Figure 2.. Breadth of immune responses induced by adjuvants used in immunization.

Adjuvants that induced high neutralizing titers against homologous virus were selected for analyses against two additional H1 viruses, Beij95 and Bris07. Lentivirus reporter neutralization (A) and HAI (B) were used to measure the breadth of neutralization in mouse serum following two immunizations. Mean ± SEM is graphed. **** p<0.0001; *p<0.05.

Figure 3.. Characterization of TLR conjugated HA-NPs.

(A) Molecular structures of the linker-TLR7/8-agonist complex and linker-TLR9-agonist complex are shown. (B) Electron micrographs of particles before and after conjugation confirm intact nanoparticle formation.

Figure 4.. ELISA binding, neutralization, and HAI titers of a TLR7/8-agonist- and a TLR9- agonist conjugated to HA-NP.

The immunogenicity of HA-NP-3M012 conjugated nanoparticles (A) and HA-NP-CpG conjugated nanoparticles (B) were tested in mice and analyzed by ELISA binding, lentivirus reporter neutralization, and HAI assays. Admixture controls included a mix of HA-NP and 10 μg 3M012 or 20 μg CpG, and a mix of HA-NP and 1.7 ng 3M012 or 21 ng CpG (equimolar matches to the conjugates).
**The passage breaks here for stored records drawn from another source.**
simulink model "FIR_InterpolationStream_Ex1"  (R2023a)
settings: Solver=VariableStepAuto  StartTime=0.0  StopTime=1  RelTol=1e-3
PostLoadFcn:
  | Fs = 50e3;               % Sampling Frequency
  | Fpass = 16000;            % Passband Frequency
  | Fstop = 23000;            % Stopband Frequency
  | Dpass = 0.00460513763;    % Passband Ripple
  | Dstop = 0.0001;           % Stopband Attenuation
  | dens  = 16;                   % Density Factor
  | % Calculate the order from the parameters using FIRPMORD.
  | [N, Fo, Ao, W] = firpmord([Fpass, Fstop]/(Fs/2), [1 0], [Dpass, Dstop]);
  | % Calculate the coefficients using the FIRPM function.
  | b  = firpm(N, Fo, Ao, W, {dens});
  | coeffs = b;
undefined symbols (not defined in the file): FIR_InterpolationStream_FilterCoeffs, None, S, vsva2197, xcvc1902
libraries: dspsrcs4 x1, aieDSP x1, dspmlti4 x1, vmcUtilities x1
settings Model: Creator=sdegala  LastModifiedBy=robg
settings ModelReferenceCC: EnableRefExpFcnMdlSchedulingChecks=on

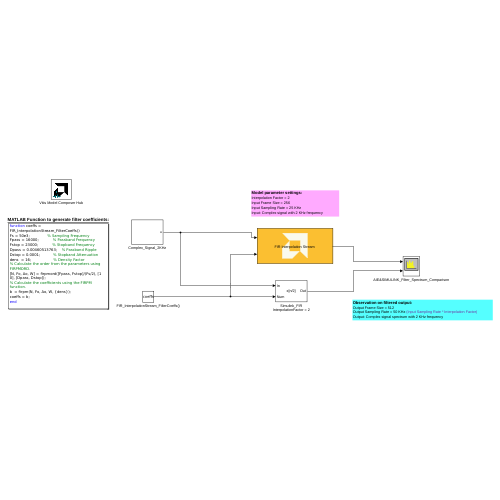
[thumbnail: Simulink's stored preview of the top-level diagram]
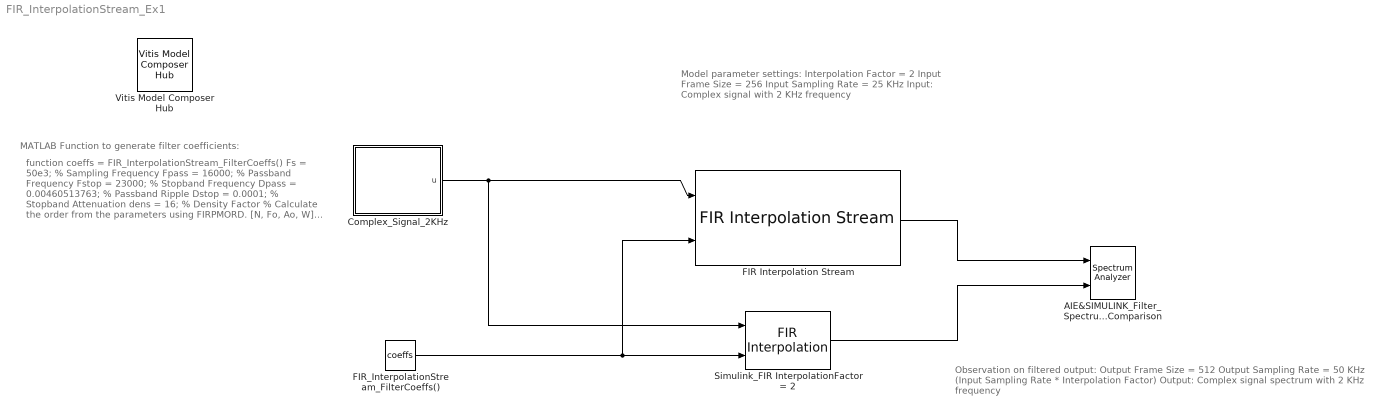
== system FIR_InterpolationStream_Ex1 ==
  note: Observation on filtered output:
      | Output Frame Size = 512
      | Output Sampling Rate = 50 KHz (Input Sampling Rate * Interpolation Factor)
      | Output: Complex signal spectrum with 2 KHz frequency
  note: MATLAB Function to generate filter coefficients:
  note: function coeffs = FIR_InterpolationStream_FilterCoeffs()
      | Fs = 50e3; % Sampling Frequency
      | Fpass = 16000; % Passband Frequency
      | Fstop = 23000; % Stopband Frequency
      | Dpass = 0.00460513763; % Passband Ripple
      | Dstop = 0.0001; % Stopband Attenuation
      | dens = 16; % Density Factor
      | % Calculate the order from the parameters using FIRPMORD.
      | [N, Fo, Ao, W] = firpmord([Fpass, Fstop]/(Fs/2), [1 0], [Dpass, Dstop]);
      | % Calculate the coefficients using the FIRPM function.
      | b = firpm(N, Fo, Ao, W, {dens});
      | coeffs = b;
      | end
  note: Model parameter settings:
      | Interpolation Factor = 2
      | Input Frame Size = 256
      | Input Sampling Rate = 25 KHz
      | Input: Complex signal with 2 KHz frequency
  AIE&SIMULINK_Filter_Spectrum_Comparison : SpectrumAnalyzer  NumInputPorts=2  AveragingMethod=Exponential  ShowLegend=on  ChannelNames="[\"\"]"  DefaultConfigurationName=spbscopes.SpectrumAnalyzerBlockCfg
  Complex_Signal_2KHz : Subsystem
  FIR Interpolation Stream : aieDSP/FIR Interpolation Stream  data_type=cfloat  coef_type=float  use_coeff_reload=on  dual_ip=off  num_outputs=off  coeff=FIR_InterpolationStream_FilterCoeffs()  fir_length=24  interpolate_factor=2  input_window_size=256  shift_val=0  rnd_mode=Round to positive infinity  sat_mode=0-None  ssr=1  interp_poly=1  casc_length=1  AIE_VARIANT=1  blockJsonConstraints=[]  blockJsonConstraintsInternal=[]  spec=vmc_stream_fir_interpolate_asym.json  SerializedMaskParamNames=[]  SerializedMaskParamValues=[]  SerializedMaskParamVisibilities=[]  block_type=FIR Interpolation Stream  SerializedMaskParamDataypes=typename|typename|bool|bool|bool|coef_type|uint|uint|uint|uint|uint|uint|uint|uint|uint|uint  SerializedMaskParamEnumStrArr=0|0|0|0|0|0|0|0|0|0|Floor,Ceiling,Round to positive infinity,Round to negative infinity,Round symmetrical to infinity,Round symmetrical to zero,Round convergent to even,Round convergent to odd|0-None,1-Asymmetric,3-Symmetric|0|0|0|0  SerializedMaskParamEnumValArr=0|0|0|0|0|0|0|0|0|0|0,1,2,3,4,5,6,7|0,1,3|0|0|0|0  SerializedMaskParamVectorArr=0|0|0|0|0|1|0|0|0|0|0|0|0|0|0|0
  FIR_InterpolationStream_FilterCoeffs() : Constant  Value=coeffs  OutDataTypeStr=single
  Simulink_FIR InterpolationFactor = 2 : dspmlti4/FIR Interpolation  FilterSource=Input port  PrivateCoeffs=0  h=coeffs  L=2  FilterObject=FINTERP  InputProcessing=Columns as channels (frame based)  framing=Enforce single-rate processing  outputBufInitCond=0  roundingMode=Ceiling  overflowMode=off  firstCoeffDataTypeStr=Inherit: Same word length as input  firstCoeffMin=[]  firstCoeffMax=[]  firstCoeffLastDataTypeStr=Inherit: Same word length as input  outputMin=[]  outputMax=[]
  Vitis Model Composer Hub : vmcUtilities/Vitis Model Composer Hub  Tag=genX  CodeGeneration=off  StartColumn=1  NumberOfColumns=1  TargetDirectory=./code  exportDesign=off  analyzeDesign=off  validateDesignOnHw=off  ExportType=AI Engines  IpVendor=xilinx.com  IpLibrary=hls  IpVersion=1.0  IpHWLanguage=Verilog  AieCompilerOptions={}  AieSimulatorOptions={}  CreateTestbench=off  TestbenchStackSize=10  RunRtlSim=off  RunCSim=off  RunAieSim=off  AieSimTimeout=50000  RunAieSimProfiling=off  LaunchVitisAnalyzer=off  PlotOutput=off  RunX86Sim=off  X86SimTimeout=10  GenHwImage=off  GenLibadfXo=off  GenHwValidationCode=off  PlatformType=Not Specified  HwSystemType=Baremetal  HwValidationTarget=hw  ProjDevice=xcvc1902-vsva2197-1LP-e-S  ProjDevicePart=xcvc1902-vsva2197-1LP-e-S  AIEType=AIE  SamplePeriod=-1  ClockFrequency=200  DataPathParallelism=1  xilinxfamily=versalaicore  part=xcvc1902  speed=-1LP-e-S  package=vsva2197  directory=./netlist  testbench=off  incr_netlist=off  synthesis_tool=Vivado  clock_wrapper=Clock Enables  dbl_ovrd=According to Block Masks  dcm_input_clock_period=10  sysclk_period=10  simulink_period=1  eval_field=0  LogFileName=''  NThreads=4
  wires:
  FIR_InterpolationStream_FilterCoeffs()/1 -> Simulink_FIR InterpolationFactor = 2/2, FIR Interpolation Stream/2
  Simulink_FIR InterpolationFactor = 2/1 -> AIE&SIMULINK_Filter_Spectrum_Comparison/2
  Complex_Signal_2KHz/1(u) -> FIR Interpolation Stream/1, Simulink_FIR InterpolationFactor = 2/1
  FIR Interpolation Stream/1 -> AIE&SIMULINK_Filter_Spectrum_Comparison/1

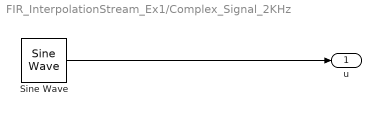
== system FIR_InterpolationStream_Ex1/Complex_Signal_2KHz ==
  Sine Wave : dspsrcs4/Sine Wave  Amplitude=1  Frequency=2e3  Phase=0  SampleMode=Discrete  OutComplex=Complex  CompMethod=Trigonometric fcn  TableSize=Speed  SampleTime=1/25e3  SamplesPerFrame=256  ResetState=Restart at time zero  OutputFrames=off  dataType=single  wordLen=16  udDataType=sfix(16)  fracBitsMode=Best precision  numFracBits=15  OutDataTypeStr=single  LastOutDataTypeStr=single
  u : Outport
  wires:
  Sine Wave/1 -> u/1
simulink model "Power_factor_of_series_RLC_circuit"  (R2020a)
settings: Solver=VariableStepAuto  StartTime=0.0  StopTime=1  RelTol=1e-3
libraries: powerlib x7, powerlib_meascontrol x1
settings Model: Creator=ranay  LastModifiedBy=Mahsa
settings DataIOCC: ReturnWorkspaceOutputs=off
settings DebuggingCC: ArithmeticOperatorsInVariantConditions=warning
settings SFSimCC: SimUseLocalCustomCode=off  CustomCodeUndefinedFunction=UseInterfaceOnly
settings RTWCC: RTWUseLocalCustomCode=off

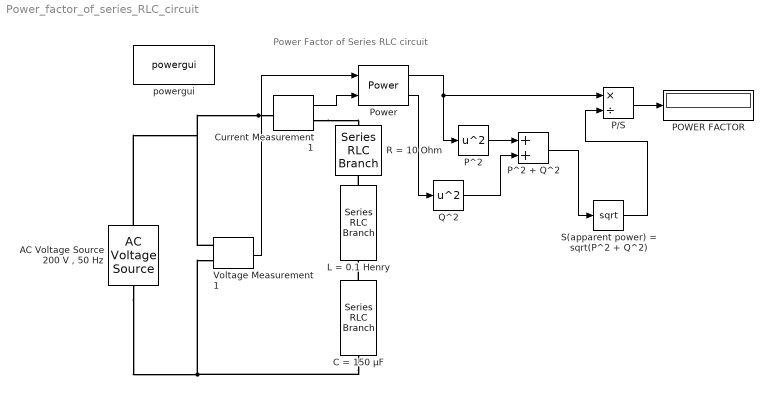
== system Power_factor_of_series_RLC_circuit ==
  note: Power Factor of Series RLC circuit
  "AC Voltage Source 200 V , 50 Hz" : powerlib/Electrical Sources/AC Voltage Source  Amplitude=200  Phase=0  Frequency=50  SampleTime=0  Measurements=None  BusType=swing  Pref=10e3  Qref=0  Qmin=-inf  Qmax=+inf
  "C = 150 µF " : powerlib/Elements/Series RLC Branch  LConnTagsString=__new0  RConnTagsString=__new0  BranchType=C  Resistance=10  Inductance=0.4  SetiL0=off  InitialCurrent=0  Capacitance=150e-6  Setx0=off  InitialVoltage=0  Measurements=None
  Current Measurement1 : powerlib/Measurements/Current Measurement  PhasorSimulation=off  OutputType=Complex  PSBequivalent=0
  L = 0.1 Henry : powerlib/Elements/Series RLC Branch  LConnTagsString=__new0  RConnTagsString=__new0  BranchType=L  Resistance=10  Inductance=0.1  SetiL0=off  InitialCurrent=0  Capacitance=1e-6  Setx0=off  InitialVoltage=0  Measurements=None
  P/S : Product  Inputs=*/
  POWER FACTOR : Display
  P^2 : Math  Operator=square  SignedPower=on  SaturateOnIntegerOverflow=on
  P^2 + Q^2 : Sum
  Power : powerlib_meascontrol/Measurements/Power  Freq=50  Vinit=[1, 0]  Iinit=[1, 0]  Ts=0
  Q^2 : Math  Operator=square  SignedPower=on  SaturateOnIntegerOverflow=on
  R = 10 Ohm : powerlib/Elements/Series RLC Branch  LConnTagsString=__new0  RConnTagsString=__new0  BranchType=R  Resistance=10  Inductance=0.4  SetiL0=off  InitialCurrent=0  Capacitance=1e-6  Setx0=off  InitialVoltage=0  Measurements=None
  S(apparent power) = sqrt(P^2 + Q^2) : Sqrt  SaturateOnIntegerOverflow=on
  Voltage Measurement1 : powerlib/Measurements/Voltage Measurement  PhasorSimulation=off  OutputType=Complex  PSBequivalent=0
  powergui : powerlib/powergui  Priority=1  SimulationMode=Discrete  SampleTime=50e-6  frequency=60  Iterations=50  frequencyindice=50  Pbase=100e6  ErrMax=1e-4  UnitsV=kV  UnitsW=MW  buscounter=0  FunctionMessages=off  echomessages=off  EnableUseOfTLC=off  CurrentSourceSwitches=off  DisableSnubberDevices=off  DisableRonSwitches=off  DisableVfSwitches=off  DisplayEquations=off  AutomaticDiscreteSolvers=off  SolverType=Tustin/Backward Euler (TBE)  Interpol=off  ExternalGateDelay=off  methode=off  Ts=100  x0status=blocks  SPID=on  SwTol=0  HookPort=off  NonlinearTolerance=1e-4  nMaxIteration=100  ContinueOnMaxIteration=off  RestoreLinks=warning  ResistiveCurrentMeasurement=off  Frange=50  Ylog=off  Xlog=off  ShowGrid=off  save=off  variable=ZData  structure=0  ZoomFFT=off  StartTime=0.0  cycles=1  DisplayStyle=1  fundamental=60  FreqAxis=off  MaxFrequency=1000  frequencyindicesteady=1  RmsSteady=1  display=off
  wires:
  Voltage Measurement1/1 -> Power/1
  Current Measurement1/1 -> Power/2
  P^2 + Q^2/1 -> S(apparent power) = sqrt(P^2 + Q^2)/1
  Q^2/1 -> P^2 + Q^2/2
  P^2/1 -> P^2 + Q^2/1
  S(apparent power) = sqrt(P^2 + Q^2)/1 -> P/S/2
  P/S/1 -> POWER FACTOR/1
  Power/2 -> Q^2/1
  Power/1 -> P^2/1, P/S/1
  connections:
  "AC Voltage Source 200 V , 50 Hz"/LConn1 -- "C = 150 µF "/RConn1 -- Voltage Measurement1/LConn2
  Current Measurement1/LConn1 -- "AC Voltage Source 200 V , 50 Hz"/RConn1 -- Voltage Measurement1/LConn1
  L = 0.1 Henry/LConn1 -- R = 10 Ohm/RConn1
  Current Measurement1/RConn1 -- R = 10 Ohm/LConn1
  "C = 150 µF "/LConn1 -- L = 0.1 Henry/RConn1
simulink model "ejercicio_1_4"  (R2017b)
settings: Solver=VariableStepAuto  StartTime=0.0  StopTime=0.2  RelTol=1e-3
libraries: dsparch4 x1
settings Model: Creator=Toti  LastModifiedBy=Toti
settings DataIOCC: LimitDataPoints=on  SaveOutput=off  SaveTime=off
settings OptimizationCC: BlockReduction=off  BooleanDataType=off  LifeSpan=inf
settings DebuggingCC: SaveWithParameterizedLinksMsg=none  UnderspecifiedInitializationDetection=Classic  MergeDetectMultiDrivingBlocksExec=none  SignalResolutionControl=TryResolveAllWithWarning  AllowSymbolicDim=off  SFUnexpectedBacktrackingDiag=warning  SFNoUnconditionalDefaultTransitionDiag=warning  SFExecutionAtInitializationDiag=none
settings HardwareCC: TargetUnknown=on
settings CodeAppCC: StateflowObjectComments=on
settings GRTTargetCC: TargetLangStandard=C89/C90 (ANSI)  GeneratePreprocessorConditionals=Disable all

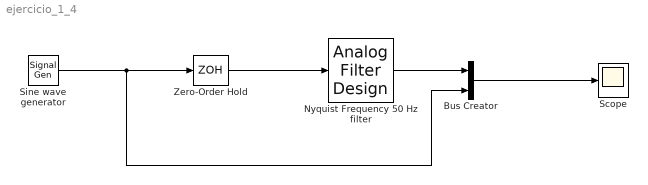
== system ejercicio_1_4 ==
  Bus Creator : BusCreator  Inputs=2
  Nyquist Frequency 50 Hz filter : dsparch4/Analog Filter Design  method=Butterworth  filttype=Lowpass  N=8  Wlo=314.16  Whi=80  Rp=2  Rs=40
  Scope : Scope
  Sine wave generator : SignalGenerator  Frequency=65
  "Zero-Order Hold " : ZeroOrderHold  SampleTime=0.01
  wires:
  "Zero-Order Hold "/1 -> Nyquist Frequency 50 Hz filter/1
  Nyquist Frequency 50 Hz filter/1 -> Bus Creator/1
  Bus Creator/1 -> Scope/1
  Sine wave generator/1 -> Bus Creator/2, "Zero-Order Hold "/1

A matched dose of unconjugated HA-NP was also included in the analyses. Mean ± SEM is graphed. **** p<0.0001; *** p<0.001; **p<0.01; *p<0.05.

Figure 5.. Dose-dependent antibody responses of a TLR7/8-agonist-conjugated nanoparticle.

HA-NP-3M012 immunogenicity was tested in mice at four doses: 0.1 μg, 0.5 μg, 2.5 μg, and 12.5 μg. Admixture controls and unconjugated nanoparticle were included for comparison. Serum neutralization was measured in the NC99 lentivirus reporter assay (left) and NC99 HAI assay (right). Arrows highlight the 2.5 μg dose, wherein the HA-NP-3M012 conjugate induced similar antibody titers to HA-NP + 3M012, despite containing over 5000-fold less 3M012 adjuvant. Mean ± SEM is graphed.

Figure 6.. Immune responses induced by adjuvanted immunizations in NHP.

Monkeys were immunized at week 0 and week 8 with 15 μg of HA-NPs adjuvanted with AF03, unadjuvanted HA-NP, or a matched dose of NC99 IIV, and antibody responses were monitored at 0, 2, and 4 weeks after each immunization. HAI titers (A) and microneutralization titers (B) were significantly boosted in the AF03 treatment group over controls at week 12. Homologous and heterologous neutralization titers were measured by lentivirus reporter neutralization assays at week 12 ((C); **p<0.01).